In April this year, OpenSea successfully regained its lead in the NFT market, capturing over 40% of the total trading volume for the month. As of this writing, OpenSea is the largest NFT marketplace with a 51% market share, according to data tracker NFTScan.
Related: OpenSea Debuts NFT Reserve with CryptoPunk Purchases
From NFTs to on-chain trading hubs
Finzer said that OpenSea is currently positioning itself as an “interface layer for the entire on-chain economy” that integrates token trading, swaps and portfolio management across 22 blockchains.
He said users of the platform juggle multiple wallets, bridges and interfaces just to manage their portfolios. “We have brought to life the same infrastructure expertise that allows integrated NFT trading to unify all on-chain transactions. Now, users can exchange Solana to Ethereum, trade any token, and manage any asset, all in one place, without any complexity,” Finzer said.

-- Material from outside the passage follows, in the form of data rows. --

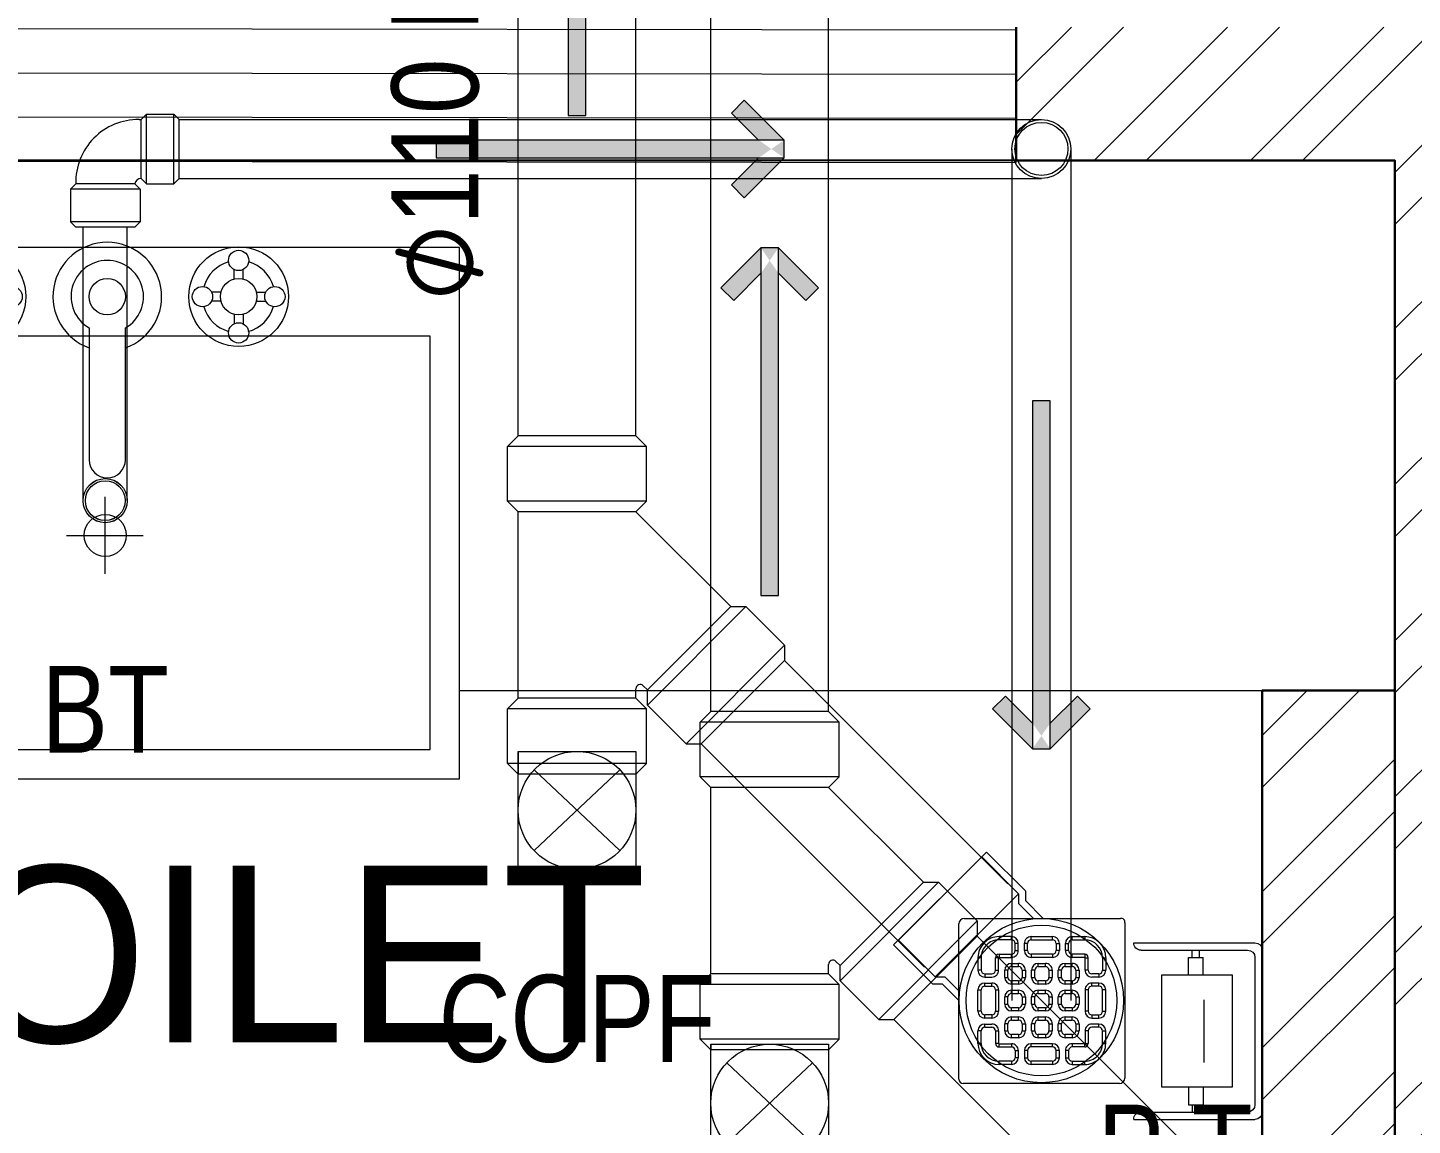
# Model space of a CAD drawing. Header units: inches. Extents: x 3133 to 3721, y -16790 to -15753.
# Drawn here: x 3461.41 to 3508.42, y -16052.1 to -16014.82 of the extents above; entities that cross this region are included whole.
import ezdxf

# ---------------------------------------------------------------- set-up
doc = ezdxf.new("R2010")
doc.units = ezdxf.units.IN
doc.header["$LTSCALE"] = 25
doc.header["$MEASUREMENT"] = 0
doc.layers.add('107 CAVERI MAIN XREF$0$FORMAT', color=7, linetype='Continuous')
for name, color, linetype, lineweight in [('ACCESORIES', 150, 'Continuous', 20), ('PP-SWP', 1, 'Continuous', 9), ('PP-WWP', 3, 'Continuous', 9), ('SDA - Bathroom Fittings & Fixtures', 52, 'Continuous', 5), ('SDA - Brick Wall', 7, 'Continuous', 30), ('SDA - Hatch Lite', 252, 'Continuous', 0)]:
    doc.layers.add(name, color=color, linetype=linetype, lineweight=lineweight)
doc.layers.add('PP- KITCHEN 1', color=34, linetype='Continuous', true_color=0x994200)
doc.layers.add('PP-TOILET 3', color=34, linetype='Continuous', true_color=0x994200)
doc.styles.add('arial', font='ARIALN.TTF')
doc.styles.add('JB', font='GOTHIC.TTF', dxfattribs={"height": 5})
pattern_1 = [(45, (3081.9256, -16917.6346), (-2.65165, 2.65165), []), (45, (3083.6934, -16917.6346), (-2.65165, 2.65165), [])]

# ---------------------------------------------------------------- blocks, each defined once
blk = doc.blocks.new('wash basin')
at = {"layer": 'SDA - Bathroom Fittings & Fixtures'}
for p, q in [((4098.97, -1295.815), (4098.97, -1295.483)), ((4099.277, -1295.811), (4099.277, -1295.483)), ((4107.869, -1295.815), (4107.869, -1295.483)), ((4108.176, -1295.811), (4108.176, -1295.483)), ((4098.532, -1296.25), (4098.203, -1296.25)), ((4098.535, -1296.557), (4098.203, -1296.557)), ((4099.711, -1296.25), (4100.044, -1296.25)), ((4099.715, -1296.557), (4100.044, -1296.557)), ((4107.431, -1296.25), (4107.102, -1296.25)), ((4107.435, -1296.557), (4107.102, -1296.557)), ((4108.61, -1296.25), (4108.943, -1296.25)), ((4108.614, -1296.557), (4108.943, -1296.557)), ((4098.97, -1296.995), (4098.97, -1297.324)), ((4099.277, -1296.991), (4099.277, -1297.324)), ((4107.869, -1296.995), (4107.869, -1297.324)), ((4108.176, -1296.991), (4108.176, -1297.324)), ((4102.959, -1297.464), (4102.959, -1301.927)), ((4104.187, -1301.927), (4104.187, -1297.463)), ((4103.489, -1303.189), (4103.489, -1305.794)), ((4102.186, -1304.492), (4104.791, -1304.492))]:
    blk.add_line(p, q, dxfattribs=at)
for points in [[(4091.504, -1312.742), (4115.504, -1312.742), (4115.504, -1294.742), (4091.504, -1294.742)], [(4092.504, -1311.742), (4114.504, -1311.742), (4114.504, -1297.742), (4092.504, -1297.742)]]:
    blk.add_lwpolyline(points, close=True, dxfattribs=at)
for centre, radius in [((4099.123, -1296.403), 1.688), ((4108.022, -1296.403), 1.688), ((4099.123, -1295.176), 0.343), ((4108.022, -1295.176), 0.343), ((4097.896, -1296.403), 0.343), ((4099.123, -1296.403), 0.614), ((4100.351, -1296.403), 0.343), ((4103.573, -1296.403), 0.614), ((4106.795, -1296.403), 0.343), ((4108.022, -1296.403), 0.614), ((4109.25, -1296.403), 0.343), ((4099.123, -1297.631), 0.343), ((4108.022, -1297.631), 0.343), ((4103.504, -1304.492), 0.712)]:
    blk.add_circle(centre, radius, dxfattribs=at)
for centre, radius, start, end in [((4103.573, -1296.403), 1.841, 289.6514, 250.3603), ((4099.123, -1296.403), 1.227, 105.2407, 164.2093), ((4099.123, -1296.403), 1.227, 16.4413, 74.0789), ((4103.573, -1296.403), 1.227, 300.3431, 239.7554), ((4108.022, -1296.403), 1.227, 106.12, 164.0884), ((4108.022, -1296.403), 1.227, 16.2342, 73.9047), ((4099.123, -1296.403), 1.227, 196.2342, 253.9047), ((4099.123, -1296.403), 1.227, 286.12, 344.0884), ((4108.022, -1296.403), 1.227, 196.4413, 254.0789), ((4108.022, -1296.403), 1.227, 285.2407, 344.2093), ((4103.573, -1301.927), 0.614, 180, 0)]:
    blk.add_arc(centre, radius, start, end, dxfattribs=at)
blk = doc.blocks.new('window')
at = {"layer": 'ACCESORIES', "color": 4}
for p, q in [((3446.988, -16014.839), (3446.985, -16017.089)), ((3446.988, -16014.839), (3494.982, -16014.898)), ((3494.982, -16014.898), (3494.979, -16017.148)), ((3446.982, -16019.339), (3446.985, -16017.089)), ((3494.976, -16019.398), (3494.979, -16017.148)), ((3446.982, -16019.339), (3494.976, -16019.398))]:
    blk.add_line(p, q, dxfattribs=at)
at = {"layer": 'ACCESORIES'}
for p, q in [((3446.986, -16016.339), (3494.98, -16016.398)), ((3446.984, -16017.839), (3494.978, -16017.898))]:
    blk.add_line(p, q, dxfattribs=at)
blk = doc.blocks.new('TGGGGGG')
at = {"layer": 'SDA - Bathroom Fittings & Fixtures'}
for p, q in [((-21354.531, -16910.766), (-21354.531, -16914.884)), ((-21348.531, -16910.768), (-21348.531, -16914.885)), ((-21354.28, -16911.017), (-21354.28, -16914.634)), ((-21348.78, -16911.018), (-21348.78, -16914.635)), ((-21354.034, -16912.629), (-21354.034, -16913.129)), ((-21353.439, -16912.629), (-21354.034, -16912.629)), ((-21349.622, -16912.629), (-21349.027, -16912.629)), ((-21349.027, -16912.629), (-21349.027, -16913.129)), ((-21354.034, -16912.754), (-21354.28, -16912.754)), ((-21354.034, -16913.005), (-21354.28, -16913.005)), ((-21349.027, -16912.754), (-21348.78, -16912.754)), ((-21349.027, -16913.005), (-21348.78, -16913.005)), ((-21353.439, -16913.129), (-21354.034, -16913.129)), ((-21350.468, -16913.154), (-21352.593, -16913.154)), ((-21349.622, -16913.129), (-21349.027, -16913.129)), ((-21354.031, -16914.884), (-21349.031, -16914.884)), ((-21354.281, -16915.135), (-21348.781, -16915.135))]:
    blk.add_line(p, q, dxfattribs=at)
blk.add_lwpolyline([(-21353.439, -16914.113), (-21349.622, -16914.113), (-21349.622, -16911.727), (-21353.439, -16911.727)], close=True, dxfattribs=at)
for centre, radius, start, end in [((-21354.529, -16911.015), 0.249, 359.5485, 90.4475), ((-21348.542, -16911.006), 0.239, 87.3958, 182.9303), ((-21354.281, -16914.885), 0.25, 179.8642, 269.8642), ((-21354.03, -16914.634), 0.25, 179.8642, 269.8642), ((-21349.03, -16914.634), 0.25, 269.8642, 359.8642), ((-21348.781, -16914.885), 0.25, 269.8642, 359.8642)]:
    blk.add_arc(centre, radius, start, end, dxfattribs=at)
blk = doc.blocks.new('PP-BEND 90 MIRROR')
for p, q in [((505.3, 12984), (507.7, 12984)), ((514.5, 12990.8), (507.7, 12984)), ((507.7, 12909), (507.7, 12984)), ((514.5, 12902.2), (514.5, 12990.8)), ((514.5, 12990.8), (549.3, 12990.8)), ((549.3, 12902.2), (549.3, 12990.8)), ((549.3, 12990.8), (556.1, 12984)), ((556.1, 12909), (556.1, 12984)), ((507.7, 12909), (514.5, 12902.2)), ((556.1, 12909), (549.3, 12902.2)), ((417.8, 12895.3), (424.7, 12902.2)), ((506.5, 12895.3), (417.8, 12895.3)), ((417.8, 12895.3), (417.8, 12853.7)), ((499.7, 12902.2), (424.7, 12902.2)), ((506.5, 12895.3), (499.7, 12902.2)), ((506.5, 12895.3), (506.5, 12853.7)), ((514.5, 12902.2), (549.3, 12902.2)), ((506.5, 12853.7), (417.8, 12853.7)), ((417.8, 12853.7), (424.7, 12846.9)), ((499.7, 12846.9), (506.5, 12853.7)), ((499.7, 12846.9), (424.7, 12846.9)), ((499.7, 12846.9), (424.7, 12846.9))]:
    blk.add_line(p, q)
for centre, radius, start, end in [((504.5, 12904.1), 79.9, 89.418, 181.379), ((508.1, 12900.3), 8.64, 92.6225, 168.0805)]:
    blk.add_arc(centre, radius, start, end)
blk = doc.blocks.new('PP-ARROW')
h = blk.add_hatch(color=256)
h.dxf.hatch_style = 1
h.paths.add_polyline_path([(-150, 0), (-150, 15.3), (150, 15.3), (150, 0)])
edge = h.paths.add_edge_path()
edge.add_line((150, 15.3), (115.6, 49.7))
edge.add_line((115.6, 49.7), (104.6, 38.7))
edge.add_line((104.6, 38.7), (128, 15.3))
edge.add_line((150, 0), (115.6, -34.4))
edge.add_line((115.6, -34.4), (104.6, -23.4))
edge.add_line((104.6, -23.4), (128, 0))
h = blk.add_hatch(color=256)
h.dxf.hatch_style = 1
h.paths.add_polyline_path([(104.6, 38.7), (115.6, 49.7), (150, 15.3), (128, 15.3)])
h.paths.add_polyline_path([(104.6, -23.4), (128, 0), (150, 0), (115.6, -34.4)])
at = {"lineweight": 0}
for p, q in [((115.6, 49.7), (104.6, 38.7)), ((150, 15.3), (115.6, 49.7)), ((104.6, 38.7), (128, 15.3)), ((150, 15.3), (-150, 15.3)), ((-150, 15.3), (-150, 0)), ((150, 0), (150, 15.3)), ((-150, 0), (150, 0)), ((104.6, -23.4), (128, 0)), ((150, 0), (115.6, -34.4)), ((115.6, -34.4), (104.6, -23.4))]:
    blk.add_line(p, q, dxfattribs=at)
blk = doc.blocks.new('PP-WB W TOP')
for radius in [37.5, 33.8]:
    blk.add_circle((0, 0), radius)
blk = doc.blocks.new('PP-BT')
for radius in [37.5, 33.8]:
    blk.add_circle((-573, 3388.7), radius)
blk = doc.blocks.new('PP-WBBACK')
for radius in [37.5, 33.8]:
    blk.add_circle((-573, 3774.4), radius)
blk = doc.blocks.new('PP-P TRAP')
at = {"linetype": 'Continuous'}
for p, q in [((-551.83, 11576.76), (-556.2, 11572.38)), ((-551.83, 11576.76), (-516.88, 11576.76)), ((-516.88, 11493.04), (-516.88, 11576.76)), ((-551.83, 11493.04), (-556.19, 11497.4)), ((-551.83, 11493.04), (-516.88, 11493.04))]:
    blk.add_line(p, q, dxfattribs=at)
at = {"linetype": 'Continuous', "ltscale": 0.005}
for p, q in [((-556.19, 11572.4), (-571.66, 11572.4)), ((-554.38, 11568.04), (-567.72, 11568.04)), ((-550.02, 11572.4), (-554.38, 11568.04)), ((-550.02, 11497.4), (-550.02, 11572.4)), ((-550.02, 11572.4), (-516.88, 11572.4)), ((-556.19, 11497.4), (-572.26, 11497.4)), ((-554.38, 11501.76), (-568.2, 11501.76)), ((-550.02, 11497.4), (-554.38, 11501.76)), ((-550.02, 11497.4), (-516.88, 11497.4))]:
    blk.add_line(p, q, dxfattribs=at)
blk.add_line((-516.88, 11572.4), (-516.88, 11497.4))
for radius in [52.33, 47.97]:
    blk.add_circle((-608.45, 11535.19), radius, dxfattribs=at)
blk = doc.blocks.new('PP-GRATING')
at = {"linetype": 'Continuous'}
for p, q in [((-53.14, -49.44), (-53.14, 49.44)), ((-49.73, 52.85), (49.73, 52.85)), ((52.57, 50.01), (52.57, -48.88)), ((-27.56, 40.69), (-27.56, 38.65)), ((-19.61, 40.69), (-27.56, 40.69)), ((-19.61, 38.65), (-27.56, 38.65)), ((-19.61, 38.65), (-19.61, 40.69)), ((-17.33, 31.83), (-17.33, 36.37)), ((-15.29, 36.37), (-17.33, 36.37)), ((-15.29, 31.83), (-15.29, 36.37)), ((-11.42, 36.37), (-11.42, 31.83)), ((-9.38, 36.37), (-11.42, 36.37)), ((-9.38, 36.37), (-9.38, 31.83)), ((-7.1, 38.65), (-7.1, 40.69)), ((-7.1, 40.69), (6.54, 40.69)), ((-7.1, 38.65), (6.54, 38.65)), ((6.54, 40.69), (6.54, 38.65)), ((8.81, 31.83), (8.81, 36.37)), ((10.85, 36.37), (8.81, 36.37)), ((10.85, 31.83), (10.85, 36.37)), ((14.72, 31.83), (14.72, 36.37)), ((14.72, 36.37), (16.77, 36.37)), ((16.77, 31.83), (16.77, 36.37)), ((19.04, 40.69), (26.99, 40.69)), ((19.04, 38.65), (19.04, 40.69)), ((19.04, 38.65), (26.99, 38.65)), ((26.99, 40.69), (26.99, 38.65)), ((-38.93, 27.28), (-40.98, 27.28)), ((-40.98, 27.28), (-40.98, 19.32)), ((-38.93, 27.28), (-38.93, 19.32)), ((-29.84, 19.32), (-29.84, 27.28)), ((-27.79, 27.28), (-29.84, 27.28)), ((-27.79, 19.32), (-27.79, 27.28)), ((-27.56, 29.55), (-27.56, 27.51)), ((-27.56, 29.55), (-19.61, 29.55)), ((-27.56, 27.51), (-19.61, 27.51)), ((-19.61, 27.51), (-19.61, 29.55)), ((-17.33, 31.83), (-15.29, 31.83)), ((-11.42, 31.83), (-9.38, 31.83)), ((-7.1, 29.55), (6.54, 29.55)), ((-7.1, 29.55), (-7.1, 27.51)), ((-7.1, 27.51), (6.54, 27.51)), ((6.54, 29.55), (6.54, 27.51)), ((8.81, 31.83), (10.85, 31.83)), ((16.77, 31.83), (14.72, 31.83)), ((26.99, 29.55), (19.04, 29.55)), ((19.04, 27.51), (19.04, 29.55)), ((26.99, 27.51), (19.04, 27.51)), ((26.99, 29.55), (26.99, 27.51)), ((27.22, 19.32), (27.22, 27.28)), ((27.22, 27.28), (29.27, 27.28)), ((29.27, 19.32), (29.27, 27.28)), ((38.36, 27.28), (38.36, 19.32)), ((38.36, 27.28), (40.41, 27.28)), ((40.41, 27.28), (40.41, 19.32)), ((-38.93, 19.32), (-40.98, 19.32)), ((-29.84, 19.32), (-27.79, 19.32)), ((-23.93, 14.78), (-23.93, 19.32)), ((-21.88, 19.32), (-23.93, 19.32)), ((-21.88, 14.78), (-21.88, 19.32)), ((-19.61, 23.64), (-15.06, 23.64)), ((-19.61, 21.6), (-19.61, 23.64)), ((-19.61, 21.6), (-15.06, 21.6)), ((-15.06, 23.64), (-15.06, 21.6)), ((-12.79, 19.32), (-12.79, 14.78)), ((-10.74, 19.32), (-12.79, 19.32)), ((-10.74, 19.32), (-10.74, 14.78)), ((-6.88, 14.78), (-6.88, 19.32)), ((-4.83, 19.32), (-6.88, 19.32)), ((-4.83, 14.78), (-4.83, 19.32)), ((-2.56, 23.64), (1.99, 23.64)), ((-2.56, 21.6), (-2.56, 23.64)), ((-2.56, 21.6), (1.99, 21.6)), ((1.99, 23.64), (1.99, 21.6)), ((4.26, 19.32), (4.26, 14.78)), ((6.31, 19.32), (4.26, 19.32)), ((6.31, 19.32), (6.31, 14.78)), ((10.17, 14.78), (10.17, 19.32)), ((12.22, 19.32), (10.17, 19.32)), ((12.22, 14.78), (12.22, 19.32)), ((14.49, 23.64), (19.04, 23.64)), ((14.49, 21.6), (14.49, 23.64)), ((14.49, 21.6), (19.04, 21.6)), ((19.04, 23.64), (19.04, 21.6)), ((21.31, 19.32), (21.31, 14.78)), ((23.36, 19.32), (21.31, 19.32)), ((23.36, 19.32), (23.36, 14.78)), ((29.27, 19.32), (27.22, 19.32)), ((38.36, 19.32), (40.41, 19.32)), ((-36.66, 17.05), (-32.11, 17.05)), ((-36.66, 17.05), (-36.66, 15)), ((-36.66, 15), (-32.11, 15)), ((-32.11, 11.14), (-36.66, 11.14)), ((-36.66, 11.14), (-36.66, 9.09)), ((-32.11, 9.09), (-36.66, 9.09)), ((-32.11, 9.09), (-32.11, 11.14)), ((-21.88, 14.78), (-23.93, 14.78)), ((-15.06, 12.5), (-19.61, 12.5)), ((-19.61, 12.5), (-19.61, 10.46)), ((-15.06, 10.46), (-19.61, 10.46)), ((-15.06, 12.5), (-15.06, 10.46)), ((-12.79, 14.78), (-10.74, 14.78)), ((-4.83, 14.78), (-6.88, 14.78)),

The CEO positioned OpenSea as an alternative to both centralized and decentralized exchanges. “Unlike CEX, we store the keys. Unlike DEX, the complexity is invisible,” he said. “We aggregate liquidity across over 22 chains into one seamless experience.”
However, Finser rejected the idea that NFTs are currently secondary. “Everything on-chain is at the core of our business model, and that is ‘trading everything,’” he said.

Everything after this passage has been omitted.